━━━━━ DATA FOR PROCESSING

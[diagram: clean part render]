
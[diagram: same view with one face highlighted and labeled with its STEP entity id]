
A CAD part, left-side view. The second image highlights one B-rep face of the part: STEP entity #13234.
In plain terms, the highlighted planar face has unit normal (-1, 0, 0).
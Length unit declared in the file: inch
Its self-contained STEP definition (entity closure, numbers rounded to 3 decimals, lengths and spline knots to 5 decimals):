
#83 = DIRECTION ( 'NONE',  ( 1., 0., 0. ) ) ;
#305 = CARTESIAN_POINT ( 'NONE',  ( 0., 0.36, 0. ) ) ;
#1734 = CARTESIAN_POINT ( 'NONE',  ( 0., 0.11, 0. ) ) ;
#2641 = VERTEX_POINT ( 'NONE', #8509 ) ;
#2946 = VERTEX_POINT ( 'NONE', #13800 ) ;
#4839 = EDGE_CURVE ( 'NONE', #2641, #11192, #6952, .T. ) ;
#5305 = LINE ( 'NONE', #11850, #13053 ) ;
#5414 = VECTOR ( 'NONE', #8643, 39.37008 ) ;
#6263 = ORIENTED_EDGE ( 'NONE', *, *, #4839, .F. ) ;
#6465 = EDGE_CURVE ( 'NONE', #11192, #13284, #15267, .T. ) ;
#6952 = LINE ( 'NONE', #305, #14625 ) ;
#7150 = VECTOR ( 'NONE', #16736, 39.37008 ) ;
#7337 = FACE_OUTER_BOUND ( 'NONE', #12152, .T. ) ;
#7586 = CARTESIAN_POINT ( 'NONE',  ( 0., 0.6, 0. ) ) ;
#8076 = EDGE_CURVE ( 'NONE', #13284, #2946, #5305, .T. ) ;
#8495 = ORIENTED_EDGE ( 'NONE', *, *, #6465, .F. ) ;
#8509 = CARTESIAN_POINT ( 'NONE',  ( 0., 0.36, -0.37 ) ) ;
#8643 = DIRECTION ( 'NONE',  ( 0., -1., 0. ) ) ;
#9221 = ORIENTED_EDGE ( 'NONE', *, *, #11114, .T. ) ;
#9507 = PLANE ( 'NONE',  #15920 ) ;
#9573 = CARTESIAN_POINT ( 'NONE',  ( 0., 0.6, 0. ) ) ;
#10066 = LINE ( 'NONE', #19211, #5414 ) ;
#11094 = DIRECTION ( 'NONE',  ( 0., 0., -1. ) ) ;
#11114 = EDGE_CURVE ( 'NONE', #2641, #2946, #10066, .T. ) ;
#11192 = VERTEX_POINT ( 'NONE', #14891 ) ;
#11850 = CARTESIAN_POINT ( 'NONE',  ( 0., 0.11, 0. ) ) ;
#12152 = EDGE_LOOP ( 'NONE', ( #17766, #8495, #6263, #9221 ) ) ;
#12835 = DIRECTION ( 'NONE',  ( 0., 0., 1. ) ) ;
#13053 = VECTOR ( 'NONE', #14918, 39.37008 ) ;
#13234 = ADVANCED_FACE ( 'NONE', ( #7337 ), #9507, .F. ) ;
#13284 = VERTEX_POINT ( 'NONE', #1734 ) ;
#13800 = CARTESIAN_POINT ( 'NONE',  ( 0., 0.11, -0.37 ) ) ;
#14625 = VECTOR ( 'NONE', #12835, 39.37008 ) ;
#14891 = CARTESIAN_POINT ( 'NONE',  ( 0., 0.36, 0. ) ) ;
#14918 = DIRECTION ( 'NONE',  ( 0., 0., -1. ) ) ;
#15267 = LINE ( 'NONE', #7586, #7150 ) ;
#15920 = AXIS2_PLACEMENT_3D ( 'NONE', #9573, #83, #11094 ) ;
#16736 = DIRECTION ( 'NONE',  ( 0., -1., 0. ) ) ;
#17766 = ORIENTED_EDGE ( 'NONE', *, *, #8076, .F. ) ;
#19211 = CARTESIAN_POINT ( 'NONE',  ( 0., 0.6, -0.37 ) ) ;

━━━━━━━━━━

_EXERCISE DESCRIPTION:_ Return, unchanged, each line from the line containing "#13800 = CARTESIAN_POINT" through the last line of the material.

_ANSWER TO THIS TASK:_
#13800 = CARTESIAN_POINT ( 'NONE',  ( 0., 0.11, -0.37 ) ) ;
#14625 = VECTOR ( 'NONE', #12835, 39.37008 ) ;
#14891 = CARTESIAN_POINT ( 'NONE',  ( 0., 0.36, 0. ) ) ;
#14918 = DIRECTION ( 'NONE',  ( 0., 0., -1. ) ) ;
#15267 = LINE ( 'NONE', #7586, #7150 ) ;
#15920 = AXIS2_PLACEMENT_3D ( 'NONE', #9573, #83, #11094 ) ;
#16736 = DIRECTION ( 'NONE',  ( 0., -1., 0. ) ) ;
#17766 = ORIENTED_EDGE ( 'NONE', *, *, #8076, .F. ) ;
#19211 = CARTESIAN_POINT ( 'NONE',  ( 0., 0.6, -0.37 ) ) ;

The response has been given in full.